In research terms a sample is a group of people, objects, or items that are taken from a larger population for measurement. The sample should be representative of the population to ensure that the researcher can generalize the findings from the research sample to the population as a whole. Sampling basically means selecting people or objects from a "population" in order to test the population for something. For example, we might want to find out how people are going to vote at the next election. Obviously we can't ask everyone in the country, so we ask a sample.

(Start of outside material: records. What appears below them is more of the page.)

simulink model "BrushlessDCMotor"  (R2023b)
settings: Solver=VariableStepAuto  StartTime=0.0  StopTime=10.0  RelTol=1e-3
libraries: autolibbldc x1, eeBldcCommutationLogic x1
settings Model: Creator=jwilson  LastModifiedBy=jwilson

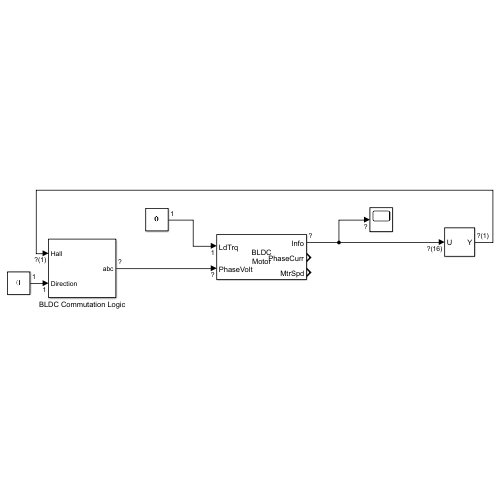
[thumbnail: Simulink's stored preview of the top-level diagram]
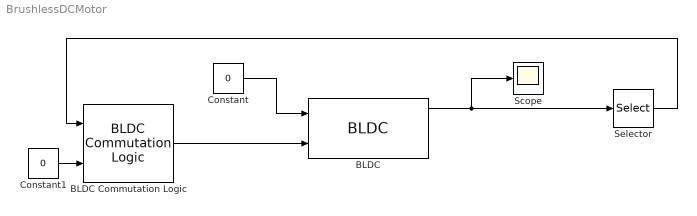
== system BrushlessDCMotor ==
  BLDC : autolibbldc/BLDC  VariantControl=pmsmVariant==pmsmEnum.TorqueInput  MechInput=Torque  SimType=Continuous  BlockSampleTime=25e-6  p=4  Rs=0.36  Ld=2e-4  Lq=2e-4  Lambda=0.0064  J=7.0616e-06  B=2.6369e-06  F=0  Id_init=0  Iq_init=0  Th_init=0  Omega_init=0  RefBlkName='autolibbldc/BLDC'  aMode=5
      settings: LibrarySourceBlock=mcblib/Electrical Systems/Motors/BLDC
  BLDC Commutation Logic : eeBldcCommutationLogic/BLDC Commutation Logic  Ts=-1
      settings: LibrarySourceBlock=ee_sl_lib/BLDC Control/BLDC Commutation Logic
  Constant : Constant  Value=0
  Constant1 : Constant  Value=0
  Scope : Scope
  Selector : Selector  InputPortWidth=16  IndexOptions=Index vector (dialog)  Indices=[16]  OutputSizes=1
  wires:
  BLDC Commutation Logic/1 -> BLDC/2
  BLDC/1 -> Selector/1, Scope/1
  Constant/1 -> BLDC/1
  Constant1/1 -> BLDC Commutation Logic/2
  Selector/1 -> BLDC Commutation Logic/1
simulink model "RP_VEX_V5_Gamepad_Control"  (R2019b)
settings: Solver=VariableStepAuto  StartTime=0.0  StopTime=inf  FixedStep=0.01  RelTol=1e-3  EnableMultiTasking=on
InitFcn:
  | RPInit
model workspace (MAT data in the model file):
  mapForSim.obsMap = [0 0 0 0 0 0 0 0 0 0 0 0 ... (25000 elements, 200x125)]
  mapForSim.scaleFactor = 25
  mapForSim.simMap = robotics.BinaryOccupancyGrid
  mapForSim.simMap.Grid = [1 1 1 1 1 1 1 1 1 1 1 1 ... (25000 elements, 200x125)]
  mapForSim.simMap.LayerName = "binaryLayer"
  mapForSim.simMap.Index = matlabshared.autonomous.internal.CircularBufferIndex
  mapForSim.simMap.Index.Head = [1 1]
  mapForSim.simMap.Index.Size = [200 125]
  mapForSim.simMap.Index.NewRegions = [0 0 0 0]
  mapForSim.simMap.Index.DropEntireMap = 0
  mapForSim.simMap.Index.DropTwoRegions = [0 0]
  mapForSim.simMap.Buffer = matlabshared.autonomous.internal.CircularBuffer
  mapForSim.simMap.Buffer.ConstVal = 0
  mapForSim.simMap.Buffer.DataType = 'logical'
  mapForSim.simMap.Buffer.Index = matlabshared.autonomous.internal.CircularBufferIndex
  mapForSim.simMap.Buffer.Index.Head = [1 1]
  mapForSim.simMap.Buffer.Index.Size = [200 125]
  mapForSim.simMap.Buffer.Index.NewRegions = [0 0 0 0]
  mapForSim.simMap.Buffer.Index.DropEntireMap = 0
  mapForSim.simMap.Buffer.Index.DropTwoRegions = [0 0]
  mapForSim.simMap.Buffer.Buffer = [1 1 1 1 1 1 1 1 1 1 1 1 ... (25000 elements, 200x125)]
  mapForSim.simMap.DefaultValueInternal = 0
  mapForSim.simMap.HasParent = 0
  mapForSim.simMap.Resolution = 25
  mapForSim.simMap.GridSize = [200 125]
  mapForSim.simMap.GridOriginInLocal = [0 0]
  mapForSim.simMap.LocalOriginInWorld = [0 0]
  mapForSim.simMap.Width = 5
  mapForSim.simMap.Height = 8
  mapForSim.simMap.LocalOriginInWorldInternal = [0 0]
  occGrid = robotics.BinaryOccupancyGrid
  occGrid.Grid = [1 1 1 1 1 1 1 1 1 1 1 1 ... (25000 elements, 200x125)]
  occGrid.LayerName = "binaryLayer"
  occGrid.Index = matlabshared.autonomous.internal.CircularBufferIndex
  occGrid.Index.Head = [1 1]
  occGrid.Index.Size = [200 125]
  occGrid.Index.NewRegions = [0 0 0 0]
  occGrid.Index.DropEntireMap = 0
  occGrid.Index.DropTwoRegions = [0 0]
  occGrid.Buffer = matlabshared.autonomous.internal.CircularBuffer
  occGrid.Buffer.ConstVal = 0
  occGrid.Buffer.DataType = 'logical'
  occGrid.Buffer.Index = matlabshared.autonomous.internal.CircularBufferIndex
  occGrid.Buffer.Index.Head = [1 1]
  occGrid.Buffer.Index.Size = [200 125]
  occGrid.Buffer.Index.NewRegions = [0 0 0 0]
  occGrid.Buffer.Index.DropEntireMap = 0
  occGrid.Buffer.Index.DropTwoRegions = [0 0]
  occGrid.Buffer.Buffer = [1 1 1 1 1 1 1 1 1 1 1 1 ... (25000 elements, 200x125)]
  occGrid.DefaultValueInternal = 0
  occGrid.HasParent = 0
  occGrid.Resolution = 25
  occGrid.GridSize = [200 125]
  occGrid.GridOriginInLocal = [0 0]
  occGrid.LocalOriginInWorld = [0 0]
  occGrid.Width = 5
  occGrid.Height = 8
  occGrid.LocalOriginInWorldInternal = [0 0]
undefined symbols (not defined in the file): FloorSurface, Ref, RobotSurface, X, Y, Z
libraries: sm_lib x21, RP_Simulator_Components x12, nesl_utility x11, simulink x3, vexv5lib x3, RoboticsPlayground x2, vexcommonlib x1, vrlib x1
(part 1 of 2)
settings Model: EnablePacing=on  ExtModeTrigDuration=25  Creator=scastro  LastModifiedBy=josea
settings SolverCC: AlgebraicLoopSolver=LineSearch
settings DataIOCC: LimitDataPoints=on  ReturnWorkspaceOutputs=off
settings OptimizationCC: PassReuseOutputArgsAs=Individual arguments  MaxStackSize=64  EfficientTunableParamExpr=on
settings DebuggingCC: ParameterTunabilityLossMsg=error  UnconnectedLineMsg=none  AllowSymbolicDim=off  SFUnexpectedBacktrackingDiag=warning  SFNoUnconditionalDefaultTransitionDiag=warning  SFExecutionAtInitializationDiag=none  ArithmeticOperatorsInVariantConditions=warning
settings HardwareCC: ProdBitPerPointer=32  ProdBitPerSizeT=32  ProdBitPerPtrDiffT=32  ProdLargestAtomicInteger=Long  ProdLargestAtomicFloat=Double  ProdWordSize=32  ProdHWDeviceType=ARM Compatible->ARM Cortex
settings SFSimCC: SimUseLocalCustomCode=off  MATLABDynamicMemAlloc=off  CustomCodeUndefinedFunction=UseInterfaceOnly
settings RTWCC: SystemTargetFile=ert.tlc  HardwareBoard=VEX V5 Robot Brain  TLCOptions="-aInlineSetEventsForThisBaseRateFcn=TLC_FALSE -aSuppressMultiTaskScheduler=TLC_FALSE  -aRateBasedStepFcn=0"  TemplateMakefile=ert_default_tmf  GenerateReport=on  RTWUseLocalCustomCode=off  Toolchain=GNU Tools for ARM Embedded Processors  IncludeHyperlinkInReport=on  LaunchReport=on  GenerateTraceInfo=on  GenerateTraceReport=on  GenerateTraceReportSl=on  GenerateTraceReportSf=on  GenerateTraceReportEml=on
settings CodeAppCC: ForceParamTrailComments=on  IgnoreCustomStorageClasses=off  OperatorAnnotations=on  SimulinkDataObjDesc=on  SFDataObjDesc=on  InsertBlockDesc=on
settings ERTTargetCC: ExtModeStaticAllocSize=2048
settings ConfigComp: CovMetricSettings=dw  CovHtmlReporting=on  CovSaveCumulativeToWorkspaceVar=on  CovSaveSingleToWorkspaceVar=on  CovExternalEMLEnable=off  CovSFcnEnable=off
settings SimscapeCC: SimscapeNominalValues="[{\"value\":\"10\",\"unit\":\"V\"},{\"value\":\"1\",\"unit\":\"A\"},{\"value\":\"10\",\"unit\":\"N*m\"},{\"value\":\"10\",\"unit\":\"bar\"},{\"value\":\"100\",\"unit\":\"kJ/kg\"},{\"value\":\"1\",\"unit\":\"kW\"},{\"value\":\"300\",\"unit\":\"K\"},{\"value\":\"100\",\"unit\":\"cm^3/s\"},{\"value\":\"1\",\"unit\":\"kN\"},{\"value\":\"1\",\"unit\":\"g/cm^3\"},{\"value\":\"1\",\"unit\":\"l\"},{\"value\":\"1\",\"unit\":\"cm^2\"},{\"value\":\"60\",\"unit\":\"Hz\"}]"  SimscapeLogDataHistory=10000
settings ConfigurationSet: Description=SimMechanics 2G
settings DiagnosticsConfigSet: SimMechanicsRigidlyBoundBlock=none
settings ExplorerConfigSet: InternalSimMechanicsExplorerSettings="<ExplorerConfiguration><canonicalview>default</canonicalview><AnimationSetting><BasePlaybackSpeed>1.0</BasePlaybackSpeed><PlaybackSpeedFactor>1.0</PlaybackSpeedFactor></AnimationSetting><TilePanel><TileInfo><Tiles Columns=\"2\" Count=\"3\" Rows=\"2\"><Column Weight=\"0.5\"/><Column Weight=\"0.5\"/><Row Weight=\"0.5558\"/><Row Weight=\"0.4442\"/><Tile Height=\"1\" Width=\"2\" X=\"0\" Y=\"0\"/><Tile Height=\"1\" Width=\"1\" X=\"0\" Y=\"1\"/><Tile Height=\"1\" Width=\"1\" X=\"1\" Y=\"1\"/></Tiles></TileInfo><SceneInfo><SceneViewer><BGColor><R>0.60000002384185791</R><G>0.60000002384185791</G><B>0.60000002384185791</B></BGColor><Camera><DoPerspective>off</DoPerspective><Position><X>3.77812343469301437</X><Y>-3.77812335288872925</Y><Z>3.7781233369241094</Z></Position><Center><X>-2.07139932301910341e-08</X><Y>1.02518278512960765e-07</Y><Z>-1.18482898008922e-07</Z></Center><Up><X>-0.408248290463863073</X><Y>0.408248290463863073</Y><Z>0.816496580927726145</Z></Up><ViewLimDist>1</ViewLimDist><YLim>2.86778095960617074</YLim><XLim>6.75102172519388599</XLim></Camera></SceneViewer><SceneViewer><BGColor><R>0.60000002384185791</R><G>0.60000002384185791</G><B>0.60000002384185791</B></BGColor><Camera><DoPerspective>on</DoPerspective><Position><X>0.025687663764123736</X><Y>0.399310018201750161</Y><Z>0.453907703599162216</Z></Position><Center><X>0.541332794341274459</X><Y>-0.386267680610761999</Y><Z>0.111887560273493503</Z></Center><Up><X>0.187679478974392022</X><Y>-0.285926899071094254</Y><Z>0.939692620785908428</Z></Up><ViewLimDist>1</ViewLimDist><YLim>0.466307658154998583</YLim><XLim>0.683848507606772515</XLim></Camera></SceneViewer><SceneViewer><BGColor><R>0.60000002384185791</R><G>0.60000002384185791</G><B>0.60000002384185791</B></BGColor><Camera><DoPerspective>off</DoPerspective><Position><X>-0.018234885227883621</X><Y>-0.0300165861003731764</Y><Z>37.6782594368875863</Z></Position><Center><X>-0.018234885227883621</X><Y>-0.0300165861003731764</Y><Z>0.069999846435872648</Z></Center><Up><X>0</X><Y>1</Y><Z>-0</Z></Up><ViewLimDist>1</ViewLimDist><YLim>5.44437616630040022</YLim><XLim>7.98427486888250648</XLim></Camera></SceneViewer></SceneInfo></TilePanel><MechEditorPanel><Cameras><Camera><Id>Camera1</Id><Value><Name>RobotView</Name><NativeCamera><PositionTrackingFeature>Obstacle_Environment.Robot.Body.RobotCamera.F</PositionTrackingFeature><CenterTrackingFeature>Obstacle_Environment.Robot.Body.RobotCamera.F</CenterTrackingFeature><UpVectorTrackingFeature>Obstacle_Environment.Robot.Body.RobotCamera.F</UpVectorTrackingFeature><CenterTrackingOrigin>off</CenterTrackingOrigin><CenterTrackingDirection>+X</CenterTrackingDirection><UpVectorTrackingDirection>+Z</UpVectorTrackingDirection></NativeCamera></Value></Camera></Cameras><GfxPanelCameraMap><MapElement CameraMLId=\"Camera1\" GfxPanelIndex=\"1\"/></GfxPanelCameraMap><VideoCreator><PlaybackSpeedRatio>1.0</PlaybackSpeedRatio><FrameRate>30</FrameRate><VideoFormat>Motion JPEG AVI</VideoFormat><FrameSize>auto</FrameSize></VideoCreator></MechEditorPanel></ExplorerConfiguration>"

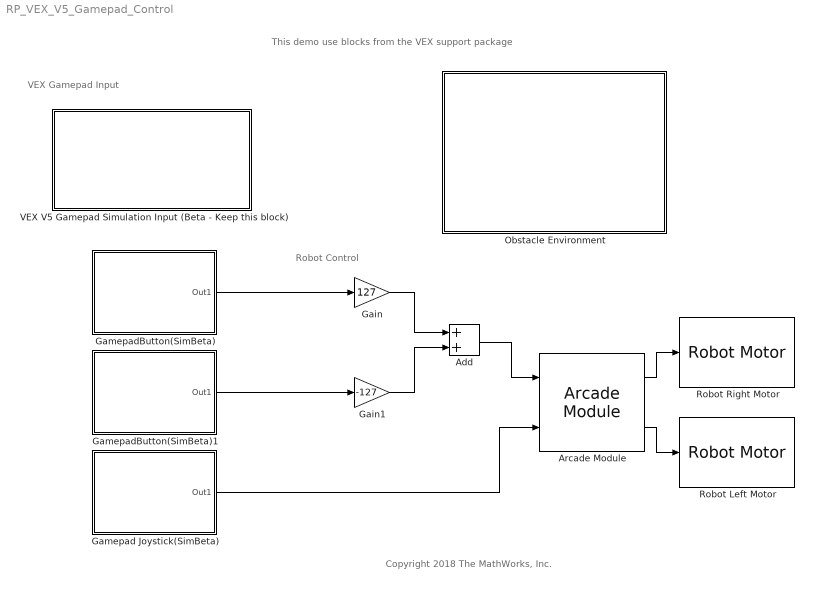
== system RP_VEX_V5_Gamepad_Control ==
  note: VEX Gamepad Input
  note: Robot Control
  note: Copyright 2018 The MathWorks, Inc.
  note: This demo use blocks from the VEX support package
  Add : Sum
  Arcade Module : vexcommonlib/Arcade Module  BlockPlatform=vexarmcortex
      settings: SourceProductName=Simulink Coder Support Package for ARM Cortex-based VEX Microcontroller  SourceProductBaseCode=EC_VEX_MICRO
  Gain : Gain  Gain=127
  Gain1 : Gain  Gain=-127
  Gamepad Joystick(SimBeta) : Subsystem  mask(Gamepad Joystick (Simulation Beta)){joystickType=Master, chan=1, SampleTime=0.02}
      mask prompts: joystickType "Joystick Type:"; chan "Analog Channel (1 to 4):"; SampleTime "Sample time:"
      mask help:
      | Read the value from one of the control axis of the analog joysticks on the VEX® gamepad(V5 controller).
      |
      | The output ranges from -128 to 127 and 0 indicates that the joystick has not been displaced.
      |
      | Use Gamepad Type to configure the gamepad to operate in Master or Partner mode.
      |
      | Use the Analog Channel drop-down to specify the control axis of the joystick on the VEX® gamepad from which you would like to read an analog signal. The Analog Channel number must match the labels on the gamepad.
      mask init:
      | chan = get_param(gcb, 'chan');
      | joyIdStr = get_param(gcb,'joystickType');
      | if strcmp(joyIdStr,'Partner')
      |     joyId='2';
      | else
      |     joyId='1';
      | end
      | 
      | set_param([gcb '/GamepadJoysticks'],'GoToTag',['simGamepadJoysticks_' joyId]);
      | 
      | if chan == '2' 
      |     md = 'icon=imread(fullfile(codertarget.vexv5.internal.getSpPkgRootDir, ''resources'', ''JoystickAnalog2.png''));icon(1:350,1:772,:)=imread(''vexv5GamepadSimInput.PNG'');image(icon)';
      |     set_param([gcb '/Channel'],'Value',chan);
      | elseif chan == '1'
      |     md = 'icon=imread(fullfile(codertarget.vexv5.internal.getSpPkgRootDir, ''resources'', ''JoystickAnalog1.png''));icon(1:350,1:772,:)=imread(''vexv5GamepadSimInput.PNG'');image(icon)';   
      |     set_param([gcb '/Channel'],'Value',chan);
      | elseif chan == '4'
      |     md = 'icon=imread(fullfile(codertarget.vexv5.internal.getSpPkgRootDir, ''resources'', ''JoystickAnalog4.png''));icon(1:350,1:772,:)=imread(''vexv5GamepadSimInput.PNG'');image(icon)';   
      |     set_param([gcb '/Channel'],'Value',chan);
      | elseif chan == '3'
      |     md = 'icon=imread(fullfile(codertarget.vexv5.internal.getSpPkgRootDir, ''resources'', ''JoystickAnalog3.png''));icon(1:350,1:772,:)=imread(''vexv5GamepadSimInput.PNG'');image(icon)';    
      |     set_param([gcb '/Channel'],'Value',chan);
      | end
      | blPosition = get_param(gcb, 'Position');
      | textSize = get_param(gcb, 'fontSize');
      | if textSize==-1
      |     textSize = get_param(bdroot, 'DefaultBlockFontSize');
      | end
      | md = codertarget.vexv5.internal.writeVEXOnMask(gcb, md);
      | set_param(gcb, 'MaskDisplay', md);
      mask TypeOptions joystickType: Gamepad Joystick/joystickType
      mask TypeOptions chan: Gamepad Joystick/chan
      mask TypeOptions SampleTime: Gamepad Joystick/SampleTime
      mask Display:
      | icon=imread(fullfile(codertarget.vexv5.internal.getSpPkgRootDir, 'resources', 'JoystickAnalog1.png'));icon(1:350,1:772,:)=imread('vexv5GamepadSimInput.PNG');image(icon)
      | patch([0.65, 0.65, 1, 1], [0.85, 1, 1, 0.85], [1, 1, 1]);
      | color('blue');
      | text(1, 1, 'VEX V5', 'horizontalAlignment', 'right', 'verticalAlignment','top');
  GamepadButton(SimBeta) : Subsystem  mask(Gamepad Button (Simulation Beta)){joystickType=Master, chan=UP, SampleTime=0.02}
      mask prompts: joystickType "Joystick Type:"; chan "Button:"; SampleTime "Sample time:"
      mask help:
      | Read the logical value of the selected button from the VEX® gamepad(V5 controller).
      |
      | The  output is 1 while the button is in pressed state and 0 while the button is in release state.
      |
      | Use Gamepad Type to configure the gamepad to operate in Master or Partner mode.
      | Use the Button drop-down to specify the button on the VEX® gamepad from which you would like to read a digital signal. The Button must match the labels on the gamepad.
      mask init:
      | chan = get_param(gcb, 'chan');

When considering a particular population it is usually advisable to choose a sample in such a way that everyone is represented. This is not easy and requires careful thought about sample size and composition. Often questionnaires are devised to identify the required information. These need to be idiot proof, so questions need to cover all alternatives and give little scope for variation. The main objective of drawing a sample is to make inferences about the larger population from the smaller sample.

## RATIONALE FOR SAMPLING

To draw conclusions about populations from samples, we must use inferential statistics which enables us to determine a population's characteristics by directly observing only a portion (or sample) of the population. We obtain a sample rather than a complete enumeration (a census) of the population for many reasons. Though censuses have the advantage of completeness it may not be practical and is not always economical. Researchers may choose to use sampling for any of the following reasons.

Resource constraints - most business researchers are forced to deal with resource constraints, including the all important factor of cost and time. Well selected samples can be less costly.

Budget and Time constraints- less expensive and less time to study a sample than a population. Complete population inaccessible - Some populations are so difficult to get access to that only a sample can be used. E.g. prisoners, people with severe mental illness, disaster survivors etc. The inaccessibility may be associated with cost or time or just access.

Accurate and reliable results- a sample may be more accurate than the total study of the population. A badly identified population can provide less reliable information than a carefully obtained sample. Since sampling is done by skilled and qualified researchers the results are expected to be accurate.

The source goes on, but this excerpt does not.